Internal ribosome-entry sites (IRES) allow the cap-independent translation of selected transcripts involved in proliferation, differentiation and apoptosis, as well as viral transcripts [32]. The IRES allows these mRNAs to escape stress-activated global translation attenuation programs [32]. Whereas cap-dependent translation requires components of the 48S preinitiation complex, IRES-mediated translation requires an idiosyncratic set of IRES trans-acting factors (ITAFs) that recruit ribosomal subunits and initiate protein synthesis [33]. Some IRES-containing transcripts are resistant to the inhibitory effects of phospho-eIF2α, allowing their selective translation in stressed cells. Resistance to phospho-eIF2α can be achieved by: 1) the eIF2-independent recruitment of tRNAiMet (e.g., simian picornavirus) [34], 2) ternary complex independent recruitment of eIF2α and tRNAiMet (e.g., hepatitis C virus) [35,36], 3) upstream open-reading frame mediated ribosome stalling (e.g., cat-1 transporter) [37], and 4) unknown mechanisms (e.g., PITSLRE kinase) [38]. These findings reveal the central importance of phospho-eIF2α in reprogramming translation during stress. The relative contribution of stress granule assembly to IRES-mediated translational control remains to be determined.

miRNA and stress (editing)

MicroRNAs (miRNAs) are small noncoding RNAs that regulate gene expression post-transcriptionally by inhibiting translation or destabilizing target transcripts [39]. It is estimated that approximately 25% of mammalian genes are regulated by miRNAs. Recent results have implicated miRNAs in the reprogramming of gene expression observed in stressed cells. Stress-activated transcription factors have been shown to induce the expression of specific miRNAs [40]. Examples include the p53-induced transcription of a miR-34a precursor that regulates the cell cycle in response to genotoxic stress [41] and the HIF1-induced transcription of miRNA precursors that regulate cell survival [42]. In addition to the transcription of specific miRNAs, cellular stress can directly modulate the miRNA machinery.
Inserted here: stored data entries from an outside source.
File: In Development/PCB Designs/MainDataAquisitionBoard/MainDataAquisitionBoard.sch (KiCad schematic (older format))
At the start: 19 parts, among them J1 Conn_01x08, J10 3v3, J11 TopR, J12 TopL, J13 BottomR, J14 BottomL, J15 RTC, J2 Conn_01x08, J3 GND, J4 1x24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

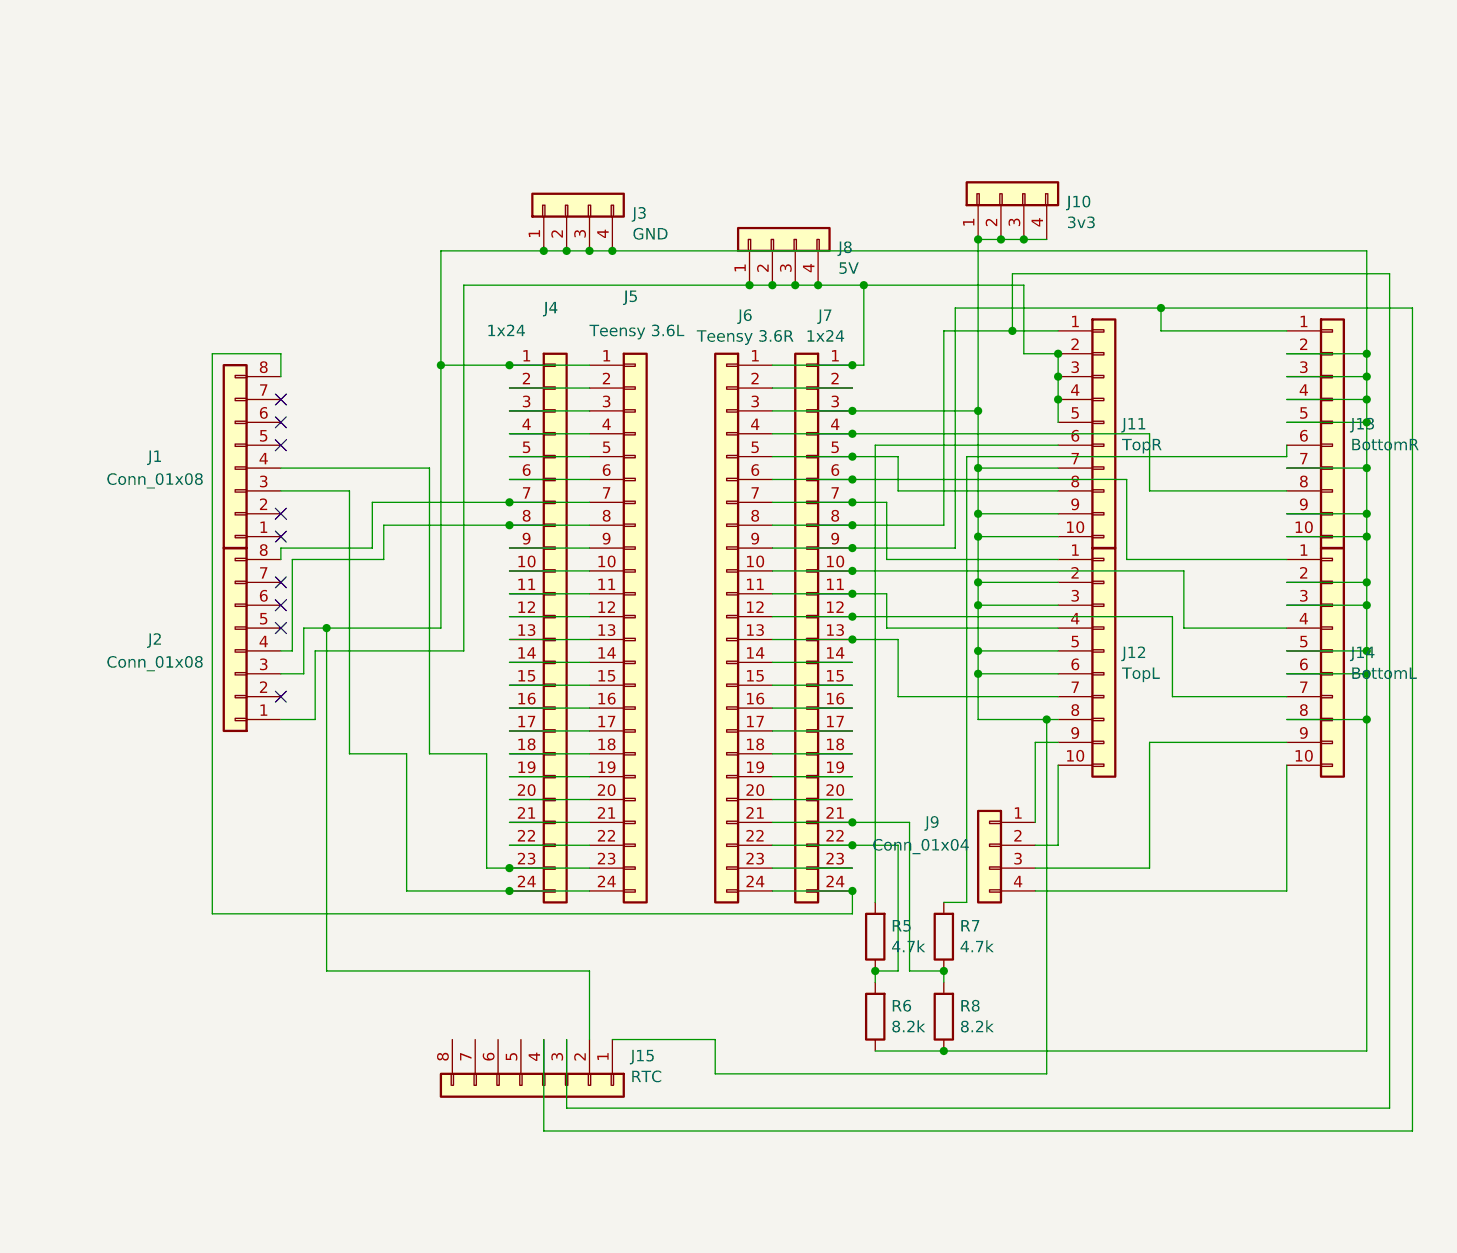
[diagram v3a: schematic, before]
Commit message: Finished Main DAQ PCB and eCVT controller PCB for design review
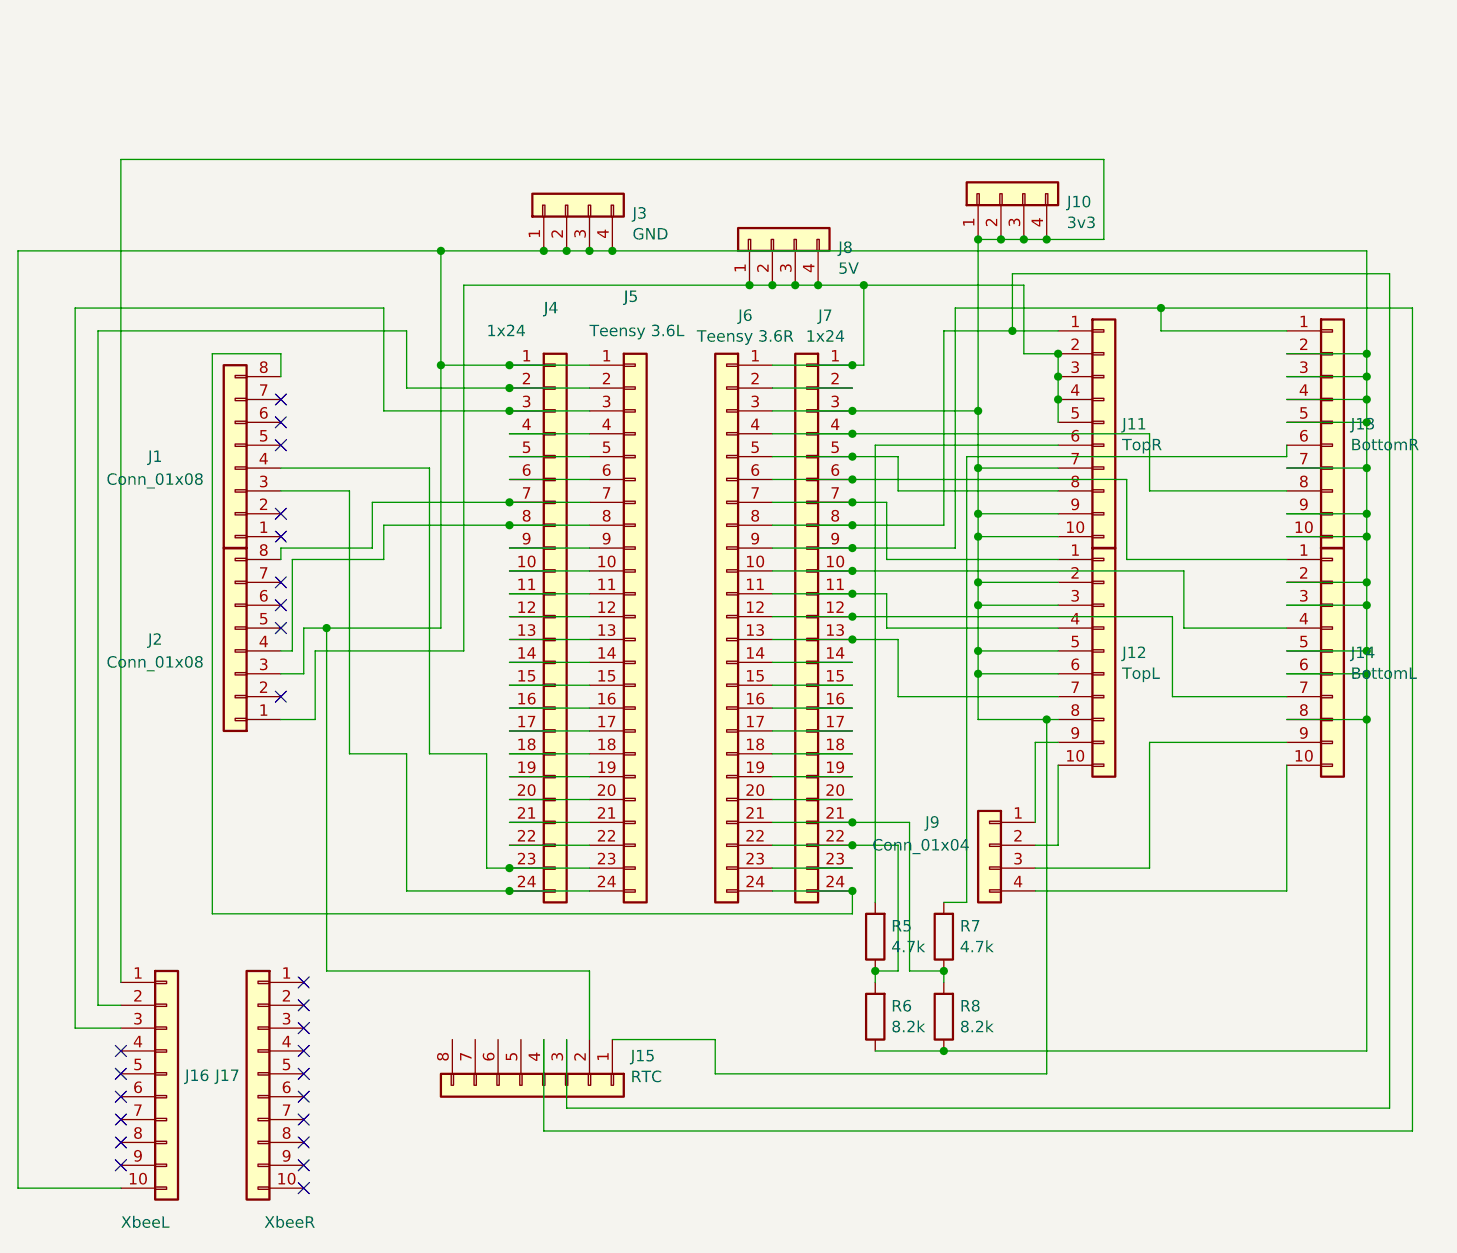
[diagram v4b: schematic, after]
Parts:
- added J16: XbeeL, Connector_PinHeader_2.54mm:PinHeader_1x10_P2.54mm_Vertical, symbol Connector_Generic:Conn_01x10
- added J17: XbeeR, Connector_PinHeader_2.54mm:PinHeader_1x10_P2.54mm_Vertical, symbol Connector_Generic:Conn_01x10
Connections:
- net at J13.10 (Pin_10), J13.2 (Pin_2), J13.3 (Pin_3)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: now also J16.10 (Pin_10)
- net at J4.2 (Pin_2), J5.2 (Pin_2): now also J16.2 (Pin_2)
- net at J4.3 (Pin_3), J5.3 (Pin_3): now also J16.3 (Pin_3)
- net at J10.1 (Pin_1), J10.2 (Pin_2), J10.3 (Pin_3)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: now also J16.1 (Pin_1)
- no-connect marks 9 -> 25
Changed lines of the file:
@@
 	4450 3050 4800 3050
-Wire Wire Line
-	4450 3150 4800 3150
 Wire Wire Line
 	4450 3250 4800 3250
@@
 Wire Wire Line
 	3650 4100 3650 5600
+$Comp
+L Connector_Generic:Conn_01x10 J16
+U 1 1 5E2846AA
+P 2950 6050
+F 0 "J16" H 3030 6042 50  0000 L CNN
+F 1 "XbeeL" H 2750 5400 50  0000 L CNN
+F 2 "Connector_PinHeader_2.54mm:PinHeader_1x10_P2.54mm_Vertical" H 2950 6050 50  0001 C CNN
+F 3 "~" H 2950 6050 50  0001 C CNN
+	1    2950 6050
+	1    0    0    -1
+$EndComp
+NoConn ~ 3550 5650
+NoConn ~ 3550 5750
+NoConn ~ 3550 5850
+NoConn ~ 3550 5950
+NoConn ~ 3550 6050
+NoConn ~ 3550 6150
+NoConn ~ 3550 6250
+NoConn ~ 3550 6350
+NoConn ~ 3550 6450
+NoConn ~ 3550 6550
+NoConn ~ 2750 6450
+NoConn ~ 2750 6350
+NoConn ~ 2750 6250
+NoConn ~ 2750 6150
+NoConn ~ 2750 6050
+NoConn ~ 2750 5950
+Wire Wire Line
+	2750 6550 2300 6550
+Wire Wire Line
+	2300 6550 2300 2450
+Wire Wire Line
+	2300 2450 4150 2450
+Connection ~ 4150 2450
+$Comp
+L Connector_Generic:Conn_01x10 J17
+U 1 1 5E28781E
+P 3350 6050
+F 0 "J17" H 3430 6042 50  0000 L CNN
+F 1 "XbeeR" H 3100 5400 50  0000 L CNN
+F 2 "Connector_PinHeader_2.54mm:PinHeader_1x10_P2.54mm_Vertical" H 3350 6050 50  0001 C CNN
+F 3 "~" H 3350 6050 50  0001 C CNN
+	1    3350 6050
+	-1   0    0    -1
+$EndComp
+Wire Wire Line
+	2750 5650 2750 2050
+Wire Wire Line
+	2750 2050 7050 2050
+Wire Wire Line
+	7050 2050 7050 2400
+Wire Wire Line
+	7050 2400 6800 2400
+Connection ~ 6800 2400
+Wire Wire Line
+	2750 5750 2650 5750
+Wire Wire Line
+	2650 5750 2650 2800
+Wire Wire Line
+	2650 2800 4000 2800
+Wire Wire Line
+	4000 2800 4000 3050
+Wire Wire Line
+	4000 3050 4450 3050
+Connection ~ 4450 3050
+Wire Wire Line
+	2750 5850 2550 5850
+Wire Wire Line
+	2550 5850 2550 2700
+Wire Wire Line
+	2550 2700 3900 2700
+Wire Wire Line
+	3900 2700 3900 3150
+Wire Wire Line
+	3900 3150 4450 3150
+Connection ~ 4450 3150
+Wire Wire Line
+	4450 3150 4800 3150
 $EndSCHEMATC

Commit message: Finished DAQ board and ready for initial production
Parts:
- added J18: Conn_02x03_Counter_Clockwise, Connector_PinHeader_2.54mm:PinHeader_2x03_P2.54mm_Vertical, symbol Connector_Generic:Conn_02x03_Counter_Clockwise
- added J19: Power in, CustomKiCADLibrary:PinHeader_1x02_P5.08mm_Vertical, symbol Connector_Generic:Conn_01x02
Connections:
- net at J13.10 (Pin_10), J13.2 (Pin_2), J13.3 (Pin_3)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: now also J1.1 (Pin_1), J19.2 (Pin_2); no longer J2.3 (Pin_3)
- net at J4.11 (Pin_11), J5.11 (Pin_11): now also J2.3 (Pin_3)
- net at J4.12 (Pin_12), J5.12 (Pin_12): now also J2.1 (Pin_1)
- net at J11.2 (Pin_2), J11.3 (Pin_3), J11.4 (Pin_4)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: now also J18.1 (Pin_1), J19.1 (Pin_1); no longer J2.1 (Pin_1), J6.1 (Pin_1), J7.1 (Pin_1)
- new net: J18.3 (Pin_3), J6.1 (Pin_1), J7.1 (Pin_1)
- no-connect marks 25 -> 28
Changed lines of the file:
@@
 $EndComp
-Wire Wire Line
-	4250 4200 4250 2600
-Wire Wire Line
-	6000 2600 6000 2950
 Wire Wire Line
 	5600 2950 5950 2950
 Connection ~ 5950 2950
 Wire Wire Line
-	5950 2950 6000 2950
-Wire Wire Line
-	3550 4100 3650 4100
-Wire Wire Line
 	4150 2950 4450 2950
 Connection ~ 4450 2950
@@
 Connection ~ 4450 3550
 Wire Wire Line
-	4100 4650 4350 4650
-Wire Wire Line
 	4350 4650 4350 5150
 Wire Wire Line
@@
 	4450 5150 4800 5150
 Wire Wire Line
-	3750 4650 4000 4650
-Wire Wire Line
-	4000 4650 4000 5250
-Wire Wire Line
 	4000 5250 4450 5250
 Connection ~ 4450 5250
-Connection ~ 3650 4100
-Wire Wire Line
-	3650 4100 4150 4100
-Wire Wire Line
-	4150 2950 4150 4100
-Wire Wire Line
-	6000 2600 6700 2600
 Wire Wire Line
 	6700 2600 6700 2900
 Wire Wire Line
 	6700 2900 6850 2900
-Connection ~ 6000 2600
 Wire Wire Line
 	6850 2900 6850 3000
@@
 Wire Wire Line
 	8200 2900 7850 2900
-Connection ~ 4150 2950
 Wire Wire Line
 	8200 4500 7850 4500
@@
 $EndComp
 Wire Wire Line
-	4900 2450 8200 2450
-Wire Wire Line
 	4600 2450 4700 2450
 Connection ~ 4600 2450
@@
 Wire Wire Line
 	4800 2450 4900 2450
-Wire Wire Line
-	5800 2600 6000 2600
 $Comp
 L Connector_Generic:Conn_01x04 J8
@@
 $EndComp
 Wire Wire Line
-	4250 2600 5500 2600
-Wire Wire Line
 	5500 2600 5600 2600
-Connection ~ 5500 2600
 Connection ~ 5800 2600
 Connection ~ 5600 2600
@@
 	3750 3500 3450 3500
 Wire Wire Line
-	4250 4200 3600 4200
-Wire Wire Line
-	3600 4200 3600 4500
-Wire Wire Line
-	3600 4500 3450 4500
-Wire Wire Line
-	3550 4100 3550 4300
-Wire Wire Line
-	3550 4300 3450 4300
-Wire Wire Line
 	3500 3800 3500 4200
 Wire Wire Line
 	3500 4200 3450 4200
 Wire Wire Line
-	3500 3800 3900 3800
-Wire Wire Line
 	3450 3750 3450 3800
 Wire Wire Line
@@
 Wire Wire Line
 	3450 3750 3850 3750
-NoConn ~ 3450 3700
 Wire Wire Line
 	6050 3300 6050 5300
@@
 	4600 6300 4600 5900
 Connection ~ 7300 2700
-Wire Wire Line
-	4100 3400 4100 4650
-Wire Wire Line
-	3750 3500 3750 4650
-Wire Wire Line
-	3650 4100 3650 5600
 $Comp
 L Connector_Generic:Conn_01x10 J16
@@
 Wire Wire Line
 	4450 3150 4800 3150
+$Comp
+L Connector_Generic:Conn_02x03_Counter_Clockwise J18
+U 1 1 5E28BDCC
+P 6350 1800
+F 0 "J18" H 6400 2117 50  0000 C CNN
+F 1 "Conn_02x03_Counter_Clockwise" H 6400 2026 50  0000 C CNN
+F 2 "Connector_PinHeader_2.54mm:PinHeader_2x03_P2.54mm_Vertical" H 6350 1800 50  0001 C CNN
+F 3 "~" H 6350 1800 50  0001 C CNN
+	1    6350 1800
+	1    0    0    -1
+$EndComp
+Wire Wire Line
+	5800 2600 5900 2600
+Wire Wire Line
+	5900 2600 5900 1700
+Wire Wire Line
+	5900 1700 6150 1700
+Connection ~ 5900 2600
+Wire Wire Line
+	5900 2600 6700 2600
+Wire Wire Line
+	6150 1900 6150 2950
+Wire Wire Line
+	5950 2950 6150 2950
+NoConn ~ 6150 1800
+NoConn ~ 6650 1700
+NoConn ~ 6650 1800
+NoConn ~ 6650 1900
+Connection ~ 4150 2950
+Wire Wire Line
+	3500 3800 3900 3800
+Wire Wire Line
+	3650 4100 3650 5600
+Wire Wire Line
+	3750 3500 3750 4650
+Wire Wire Line
+	4100 3400 4100 4650
+Wire Wire Line
+	4150 2950 4150 3700
+Wire Wire Line
+	3650 4100 4150 4100
+Wire Wire Line
+	4000 4650 4000 5250
+Wire Wire Line
+	3750 4650 4000 4650
+Wire Wire Line
+	4100 4650 4350 4650
+Wire Wire Line
+	3450 3700 4150 3700
+Connection ~ 4150 3700
+Wire Wire Line
+	4150 3700 4150 4100
+Wire Wire Line
+	3450 4300 4300 4300
+Wire Wire Line
+	4300 4300 4300 3950
+Wire Wire Line
+	4300 3950 4450 3950
+Connection ~ 4450 3950
+Wire Wire Line
+	3450 4500 4350 4500
+Wire Wire Line
+	4350 4500 4350 4050
+Wire Wire Line
+	4350 4050 4450 4050
+Connection ~ 4450 4050
+$Comp
+L Connector_Generic:Conn_01x02 J19
+U 1 1 5E3C057F
+P 5050 1650
+F 0 "J19" V 5014 1462 50  0000 R CNN
+F 1 "Power in" V 4923 1462 50  0000 R CNN
+F 2 "CustomKiCADLibrary:PinHeader_1x02_P5.08mm_Vertical" H 5050 1650 50  0001 C CNN
+F 3 "~" H 5050 1650 50  0001 C CNN
+	1    5050 1650
+	0    -1   -1   0
+$EndComp
+Wire Wire Line
+	5050 1850 5050 2600
+Wire Wire Line
+	5050 2600 5500 2600
+Connection ~ 5500 2600
+Wire Wire Line
+	5150 1850 5150 2450
+Wire Wire Line
+	4900 2450 5150 2450
+Connection ~ 5150 2450
+Wire Wire Line
+	5150 2450 8200 2450
 $EndSCHEMATC

Examples include the HSP90-mediated stabilization of Argonaute, an essential component of the RNA-induced silencing complex [40], and the stress-induced override of miRNA-mediated translational silencing of CAT-1 transcripts, a consequence of HuR-mediated rescue from P-bodies [43]. SGs may be the location for modulation of miRNA-mediated translational silencing in stress because the Argonaute localizes at SGs in a miRNA dependent manner in response to stress [44]. Finally, stress-activated dsRNA editing mechanisms have been shown to target miRNA precursors to alter the stability, processing, nuclear export, or target specificity of selected miRNAs [2123]. There results reveal an important role for miRNA in the reprogramming of mRNA translation during stress.

Conclusions

Stress-induced reprogramming of mRNA translation is essential for the survival of cells exposed to adverse environmental conditions. The evolution of multiple, parallel mechanisms that modulate translation during stress points out the fundamental importance of this process. This is underscored by the finding that viruses target these pathways to subvert the translation machinery and favor the translation of viral proteins. Although much remains to be learned, identification of key components of stress-induced translational control pathways provides a framework for future research focused on how these diverse mechanisms regulate the survival of stressed cells.

Figure 2.

Figure 2

Transcript specific translation inhibition by stress. (A) In stressed cells, some transcription factors (e.g. p53, HIF1α) promote the expression of miRNAs that reduce the translation of selected targeted mRNAs. (B) Stress induces the expression of RNA editing enzymes to alter the processing of primary miRNA transcripts. Moreover, editing of pre-miRNA, can alter its target specificity. (C) SGs may regulate miRNA function by sequestering argonaute, miRNAs and RNA editing enzymes. It is possible that miRNPs are sorted, modified, and delivered to target mRNAs at the SG.